出版資訊 (11/2003)

台師大數學系 洪萬生教授輯

○《中等教育》雙月刊第五十四卷第五期『數學專號』

  本期(200310月號)有五篇與數學教育有關的文章,目錄如下:

1.〈評《高中數學》第一冊第一章的『邏輯概念』內容〉(洪萬生撰)

2.〈線對稱概念發展之問卷設計〉(左台益、陳天宏撰)

3.〈學習單教案設計的一個例子-圓錐曲線〉(蘇惠玉撰)

4.〈數學史融入『對數』教學活動的實作心得〉(陳啟文撰)

5.〈數學焦慮之研究〉(蔡文標撰)

其中第134篇都涉及HPM,其『中、英文摘要』轉載如下,歡迎大家批評指教。

 

摘要:

•〈評《高中數學》第一冊第一章的『邏輯概念』內容〉(洪萬生撰)

        本文針對高中數學教師極感困擾的高一課程『邏輯單元』提出評論,內容涵蓋六種版本,分別是『三民版』、『翰林版』、『康熙版』、『龍騰版』、『南一版』以及『正中版』。這些教科書編者在編寫此一單元時,對於邏輯學知識本身及其如何納入數學教材,欠缺比較正規的認識或理解,因此,他們在書寫時運用了相當多的『非形式』用語,從而也無助於教師與學生釐清數學 vs. 邏輯的關係。本文採取歷史進路,凸顯『命題』與『論證』的意義,然後,再據以評論上述各教科書的缺失或不足。鑒於本文所指陳的一些問題,筆者建議『邏輯』單元移到高一上課程的『附錄』,或者乾脆移到高三下學期。至於修訂的主要內容,則請編者或修訂者務必認真地區分『有效邏輯推論』與『數學命題真假』。同時,邏輯用詞也應該精確,以免喪失它們被引進高中數學教材的美意。

關鍵詞:高中數學、邏輯單元、命題、論證

        This article is devoted to a critical review on the “logic” topic of the current senior high school mathematics textbooks in Taiwan.  Among the six editions of the textbooks published by six different publishers, their editors fail to understand, in a “formal” way, what is logic about and how logic should be incorporated into mathematics curriculum.  This is due apparently to their use of “informal” terminology in the presentation of the topic.  Therefore, it does no help to student’s understanding of logic and its relation to mathematics.  In this article, I adopt a historical approach to explore meaning of proposition and argumentation, which is, in turn, used to comment on the topic of the textbooks.  As a conclusion, I urge the editors in their revisions of the textbooks to move the topic either to become an appendix to the textbooks used for the first semester of the senior high school students or that used for the last semester of the senior high school students.  As for the content recommended for revision, I also suggest that the editors should seek to clarify the distinction between “valid logical inference” and “truth of mathematical proposition”.  In addition, logic terms should also be presented precisely in order to make sense of the introduction of logical concepts to the mathematical textbook.  

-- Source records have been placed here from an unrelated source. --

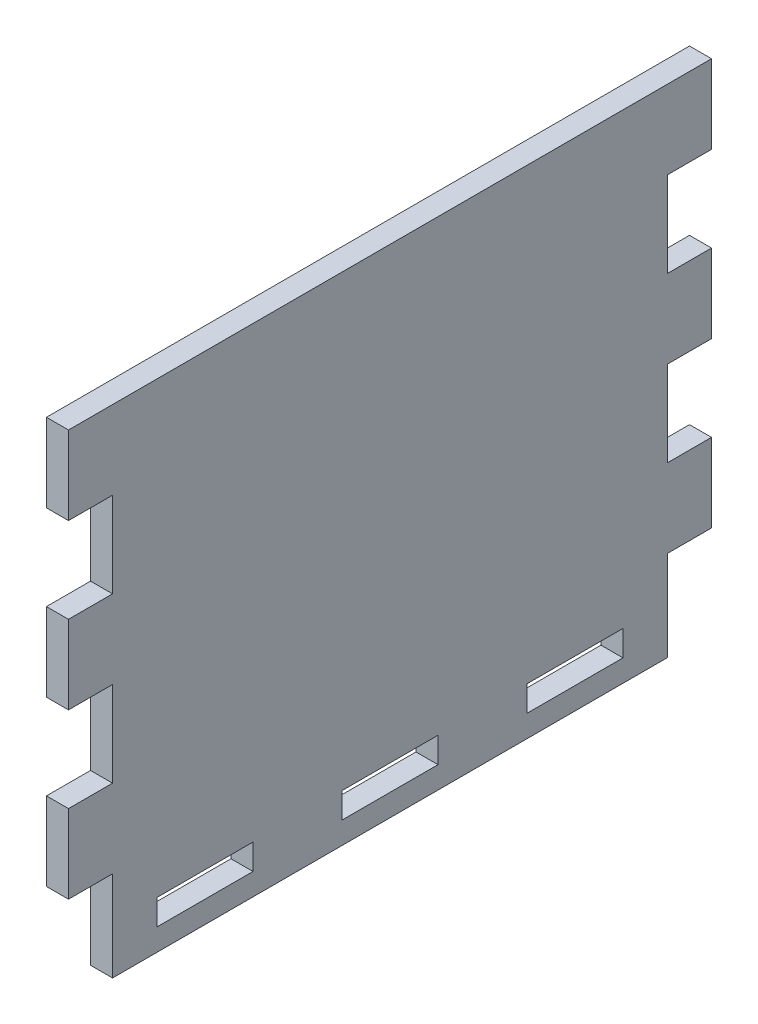
SolidWorks part; units mm, degrees
material "ABS"
ref_plane "Front Plane" through (0, 0, 0) normal (0, 0, 1) x (1, 0, 0)
ref_plane "Top Plane" through (0, 0, 0) normal (0, 1, 0) x (1, 0, 0)
ref_plane "Right Plane" through (0, 0, 0) normal (1, 0, 0) x (0, 0, -1)
sketch "Sketch2" plane through (-43.425, 0, 0) normal (-1, 0, 0) x (0, 0, 1)
  line L0 (92.7098, 28.4544) -> (92.7098, 40.2725) construction
  line L1 (92.7098, 40.2725) -> (86.3598, 40.2725) construction
  line L2 (86.3598, 40.2725) -> (86.3598, 28.4544) construction
  line L3 (86.3598, 28.4544) -> (92.7098, 28.4544) construction
  line L4 (92.7098, 4.818) -> (92.7098, 16.6362) construction
  line L5 (92.7098, 16.6362) -> (86.3598, 16.6362) construction
  line L6 (86.3598, 16.6362) -> (86.3598, 4.818) construction
  line L7 (86.3598, 4.818) -> (92.7098, 4.818) construction
  line L8 (92.7098, -18.8184) -> (92.7098, -7.0002) construction
  line L9 (92.7098, -7.0002) -> (86.3598, -7.0002) construction
  line L10 (86.3598, -7.0002) -> (86.3598, -18.8184) construction
  line L11 (86.3598, -18.8184) -> (92.7098, -18.8184) construction
  line L12 (79.6923, -24.9775) -> (66.3573, -24.9775) construction
  line L13 (6.35, 40.0225) -> (0, 40.0225)
  line L14 (66.3573, -28.1525) -> (79.6923, -28.1525) construction
  line L15 (0, 40.0225) -> (0, 28.7044)
  line L16 (53.0224, -28.1525) -> (66.3573, -28.1525) construction
  line L17 (66.3573, -28.1525) -> (66.3573, -24.9775) construction
  line L18 (66.3573, -24.9775) -> (53.0224, -24.9775) construction
  line L19 (0, 28.7044) -> (6.35, 28.7044)
  line L20 (53.0224, -24.9775) -> (39.6874, -24.9775) construction
  line L21 (6.35, 28.7044) -> (6.35, 16.3862)
  line L22 (39.6874, -28.1525) -> (53.0224, -28.1525) construction
  line L23 (53.0224, -28.1525) -> (53.0224, -24.9775) construction
  line L24 (26.3524, -28.1525) -> (39.6874, -28.1525) construction
  line L25 (39.6874, -28.1525) -> (39.6874, -24.9775) construction
  line L26 (39.6874, -24.9775) -> (26.3524, -24.9775) construction
  line L27 (6.35, 16.3862) -> (0, 16.3862)
  line L28 (26.3524, -24.9775) -> (13.0175, -24.9775) construction
  line L29 (0, 16.3862) -> (0, 5.068)
  line L30 (13.0175, -28.1525) -> (26.3524, -28.1525) construction
  line L31 (26.3524, -28.1525) -> (26.3524, -24.9775) construction
  line L32 (6.35, -28.1525) -> (13.0175, -28.1525) construction
  line L33 (13.0175, -28.1525) -> (13.0175, -24.9775) construction
  line L34 (13.0175, -24.9775) -> (6.35, -24.9775) construction
  line L35 (6.35, -24.9775) -> (6.35, -28.1525) construction
  line L36 (0, -7.0002) -> (0, -18.8184) construction
  line L37 (0, -18.8184) -> (6.35, -18.8184) construction
  line L38 (6.35, -18.8184) -> (6.35, -7.0002) construction
  line L39 (6.35, -7.0002) -> (0, -7.0002) construction
  line L40 (0, 16.6362) -> (0, 4.818) construction
  line L41 (0, 4.818) -> (6.35, 4.818) construction
  line L42 (6.35, 4.818) -> (6.35, 16.6362) construction
  line L43 (6.35, 16.6362) -> (0, 16.6362) construction
  line L44 (0, 40.2725) -> (0, 28.4544) construction
  line L45 (0, 28.4544) -> (6.35, 28.4544) construction
  line L46 (6.35, 28.4544) -> (6.35, 40.2725) construction
  line L47 (6.35, 40.2725) -> (0, 40.2725) construction
  line L48 (92.7098, 28.4544) -> (92.7098, 40.2725) construction
  line L49 (92.7098, 40.2725) -> (86.3598, 40.2725) construction
  line L50 (86.3598, 40.2725) -> (86.3598, 28.4544) construction
  line L51 (86.3598, 28.4544) -> (92.7098, 28.4544) construction
  line L52 (92.7098, 4.818) -> (92.7098, 16.6362) construction
  line L53 (92.7098, 16.6362) -> (86.3598, 16.6362) construction
  line L54 (86.3598, 16.6362) -> (86.3598, 4.818) construction
  line L55 (86.3598, 4.818) -> (92.7098, 4.818) construction
  line L56 (92.7098, -18.8184) -> (92.7098, -7.0002) construction
  line L57 (92.7098, -7.0002) -> (86.3598, -7.0002) construction
  line L58 (86.3598, -7.0002) -> (86.3598, -18.8184) construction
  line L59 (86.3598, -18.8184) -> (92.7098, -18.8184) construction
  line L60 (79.6923, -24.9775) -> (66.3573, -24.9775) construction
  line L62 (66.3573, -28.1525) -> (79.6923, -28.1525) construction
  line L64 (53.0224, -28.1525) -> (66.3573, -28.1525) construction
  line L65 (66.3573, -28.1525) -> (66.3573, -24.9775) construction
  line L66 (66.3573, -24.9775) -> (53.0224, -24.9775) construction
  line L68 (53.0224, -24.9775) -> (39.6874, -24.9775) construction
  line L70 (39.6874, -28.1525) -> (53.0224, -28.1525) construction
  line L71 (53.0224, -28.1525) -> (53.0224, -24.9775) construction
  line L72 (26.3524, -28.1525) -> (39.6874, -28.1525) construction
  line L73 (39.6874, -28.1525) -> (39.6874, -24.9775) construction
  line L74 (39.6874, -24.9775) -> (26.3524, -24.9775) construction
  line L76 (26.3524, -24.9775) -> (13.0175, -24.9775) construction
  line L78 (13.0175, -28.1525) -> (26.3524, -28.1525) construction
  line L79 (26.3524, -28.1525) -> (26.3524, -24.9775) construction
  line L80 (6.35, -28.1525) -> (13.0175, -28.1525) construction
  line L81 (13.0175, -28.1525) -> (13.0175, -24.9775) construction
  line L82 (13.0175, -24.9775) -> (6.35, -24.9775) construction
  line L83 (6.35, -24.9775) -> (6.35, -28.1525) construction
  line L84 (0, -7.0002) -> (0, -18.8184) construction
  line L85 (0, -18.8184) -> (6.35, -18.8184) construction
  line L86 (6.35, -18.8184) -> (6.35, -7.0002) construction
  line L87 (6.35, -7.0002) -> (0, -7.0002) construction
  line L88 (0, 16.6362) -> (0, 4.818) construction
  line L89 (0, 4.818) -> (6.35, 4.818) construction
  line L90 (6.35, 4.818) -> (6.35, 16.6362) construction
  line L91 (6.35, 16.6362) -> (0, 16.6362) construction
  line L92 (0, 40.2725) -> (0, 28.4544) construction
  line L93 (0, 28.4544) -> (6.35, 28.4544) construction
  line L94 (6.35, 28.4544) -> (6.35, 40.2725) construction
  line L95 (6.35, 40.2725) -> (0, 40.2725) construction
  line L96 (0, 5.068) -> (6.35, 5.068)
  line L97 (6.35, 5.068) -> (6.35, -7.2502)
  line L98 (6.35, -7.2502) -> (0, -7.2502)
  line L99 (0, -7.2502) -> (0, -18.5684)
  line L100 (79.6923, -28.1525) -> (86.3598, -28.1525)
  line L101 (86.3598, -28.1525) -> (86.3598, -24.9775)
  line L102 (86.3598, -24.9775) -> (79.6923, -24.9775)
  line L103 (79.6923, -24.9775) -> (79.6923, -28.1525)
  line L104 (79.6923, -28.1525) -> (86.3598, -28.1525) construction
  line L105 (86.3598, -28.1525) -> (86.3598, -24.9775) construction
  line L106 (86.3598, -24.9775) -> (79.6923, -24.9775) construction
  line L107 (79.6923, -24.9775) -> (79.6923, -28.1525) construction
  line L108 (0, -18.5684) -> (6.35, -18.5684)
  line L109 (6.35, -18.5684) -> (6.35, -31.5775)
  line L110 (6.35, -31.5775) -> (86.3598, -31.5775)
  line L111 (86.3598, -31.5775) -> (86.3598, -18.5684)
  line L112 (86.3598, -18.5684) -> (92.7098, -18.5684)
  line L113 (92.7098, -18.5684) -> (92.7098, -7.2502)
  line L114 (92.7098, -7.2502) -> (86.3598, -7.2502)
  line L115 (86.3598, -7.2502) -> (86.3598, 5.068)
  line L116 (86.3598, 5.068) -> (92.7098, 5.068)
  line L117 (92.7098, 5.068) -> (92.7098, 16.3862)
  line L118 (92.7098, 16.3862) -> (86.3598, 16.3862)
  line L119 (86.3598, 16.3862) -> (86.3598, 28.7044)
  line L120 (86.3598, 28.7044) -> (92.7098, 28.7044)
  line L121 (92.7098, 28.7044) -> (92.7098, 40.0225)
  line L122 (92.7098, 40.0225) -> (86.3598, 40.0225)
  line L123 (86.3598, 40.0225) -> (6.35, 40.0225)
  line L124 (3.175, 40.2725) -> (3.175, 40.0225) construction
  line L125 (12.7675, -24.7275) -> (26.6024, -24.7275)
  line L126 (12.7675, -24.7275) -> (12.7675, -28.4025)
  line L127 (12.7675, -28.4025) -> (26.6024, -28.4025)
  line L128 (26.6024, -24.7275) -> (26.6024, -28.4025)
  line L129 (39.4374, -24.7275) -> (53.2724, -24.7275)
  line L130 (39.4374, -24.7275) -> (39.4374, -28.4025)
  line L131 (39.4374, -28.4025) -> (53.2724, -28.4025)
  line L132 (53.2724, -24.7275) -> (53.2724, -28.4025)
  line L133 (66.1073, -24.7275) -> (79.9423, -24.7275)
  line L134 (66.1073, -24.7275) -> (66.1073, -28.4025)
  line L135 (66.1073, -28.4025) -> (79.9423, -28.4025)
  line L136 (79.9423, -24.7275) -> (79.9423, -28.4025)
  line L137 (6.35, -31.5775) -> (0, -31.5775) construction
  line L138 (3.175, 28.7044) -> (3.175, 28.4544) construction
  line L139 (19.685, -24.7275) -> (19.685, -24.9775) construction
  line L140 (3.175, 16.6362) -> (3.175, 16.3862) construction
  line L141 (26.3524, -26.565) -> (26.6024, -26.565) construction
  line L142 (3.175, 5.068) -> (3.175, 4.818) construction
  line L143 (19.685, -28.1525) -> (19.685, -28.4025) construction
  line L144 (3.175, -7.0002) -> (3.175, -7.2502) construction
  line L145 (13.0175, -26.565) -> (12.7675, -26.565) construction
  line L146 (3.175, -18.5684) -> (3.175, -18.8184) construction
  line L147 (39.6874, -26.565) -> (39.4374, -26.565) construction
  line L148 (66.3573, -26.565) -> (66.1073, -26.565) construction
  dimension "D2" = 0.25
  dimension "D1" = 0
extrude "Boss-Extrude1" add sketch "Sketch2" against normal offset from surface (3.175 mm away) 0.25
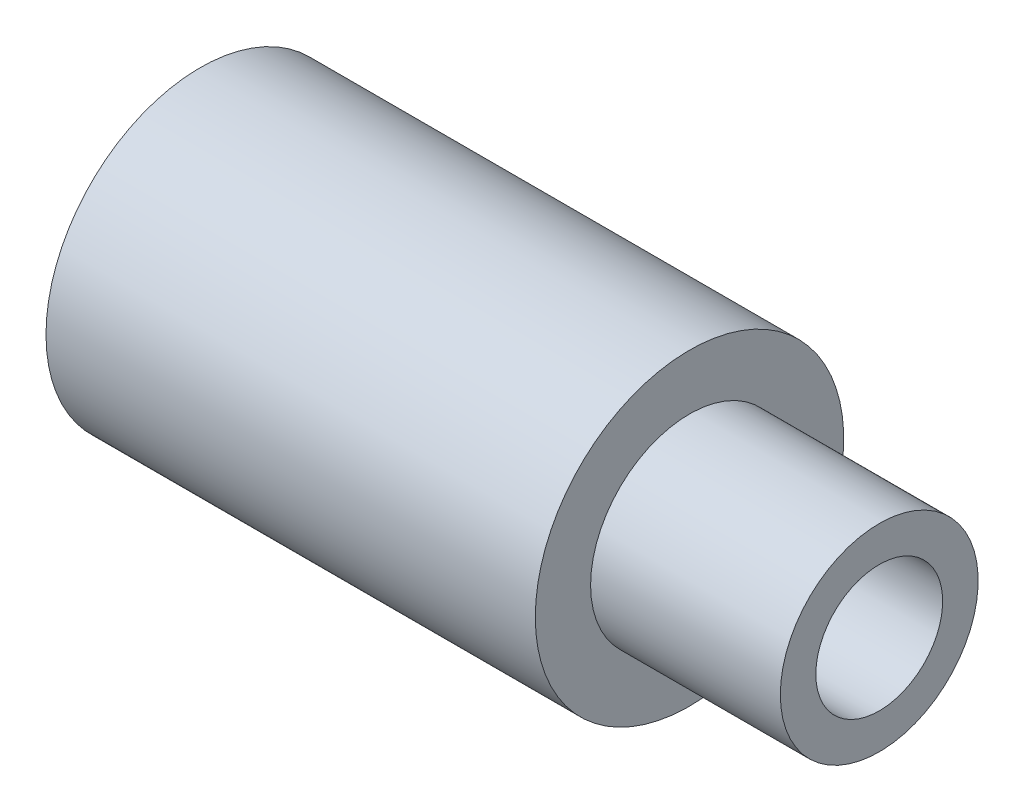
SolidWorks part; units mm, degrees
ref_plane "Front Plane" through (0, 0, 0) normal (0, 0, 1) x (1, 0, 0)
ref_plane "Top Plane" through (0, 0, 0) normal (0, 1, 0) x (1, 0, 0)
ref_plane "Right Plane" through (0, 0, 0) normal (1, 0, 0) x (0, 0, -1)
sketch "Conn_T4_ORB4_Bored Sketch" plane through (0, 0, 0) normal (0, 0, 1) x (1, 0, 0)
  line L0 (-1000, 0) -> (1000, 0) construction
  line L1 (9.5, 0) -> (9.5, 4.953)
  line L2 (9.5, 4.953) -> (0, 4.953)
  line L3 (0, 4.953) -> (0, 7.722)
  line L4 (0, 7.722) -> (-24.5, 7.722)
  line L5 (-24.5, 7.722) -> (-24.5, 0)
  line L6 (-24.5, 0) -> (9.5, 0)
revolve "Conn_T4_ORB4_Bored" add sketch "Conn_T4_ORB4_Bored Sketch" angle 360 about L0
ref_axis "Engine Axis" through (11.2, 0, 0) along (-1, 0, 0)
sketch "Socket Sketch" plane through (0, 0, 0) normal (0, 0, 1) x (1, 0, 0)
  line L0 (-1000, 0) -> (1000, 0) construction
  line L1 (-25.5, 0) -> (-25.5, 3.175)
  line L2 (-25.5, 3.175) -> (10.5, 3.175)
  line L3 (10.5, 3.175) -> (10.5, 0)
  line L4 (10.5, 0) -> (-25.5, 0)
revolve "Socket" cut sketch "Socket Sketch" angle 360 about L0

Key words: senior high school mathematics, logic topic, proposition, argumentation.

 

•〈學習單教案設計的一個例子-圓錐曲線〉(蘇惠玉撰)

在現行高中數學課程中,由於直角座標系的引入,以代數符號操弄為主的解析幾何成為主流,導致學生對幾何概念的瞭解,變得零散瑣碎。本文以圓錐曲線的教學為例,藉著學習單的設計,將圓錐曲線的相關史料引入,譬如阿波羅尼斯《錐線論》中的「正焦弦」觀念,結合「圓錐截痕」與「圓錐曲線方程式」這兩個表徵。本學習單的目標,在於提供學生對於幾何物件的學習另一角度的思考,並期望學生因而對於所學的幾何物件,有較全面性的瞭解。最後,我們也附上實施後學生的回饋與筆者的使用建議,以供大家參考。

關鍵詞:數形合一,圓錐截痕,正焦弦。

In senior high school mathematical curriculum, with the introduction of coordinate system, manipulating algebraic symbolism comes to dominate the core in the learning of analytic geometry.  Students’ appreciation of geometrical concepts turns out to be messy and trifling.  This article takes for example the teaching of conic sections.  By designing worksheets, teachers can introduce the historical material about conic sections to students.  Using the object “latus rectum” in Conics of Apollonius, we can connect “conic sections” -- geometrical representation of the curve, with “the equation of conic sections” -- algebraic representation of the curve.  The goal of these worksheets is to help students think from another angle about geometrical entities, with the hope that students can come to understand a whole picture of the subject.  This article concludes with the feedbacks from my students and my suggestions on how to use these worksheets.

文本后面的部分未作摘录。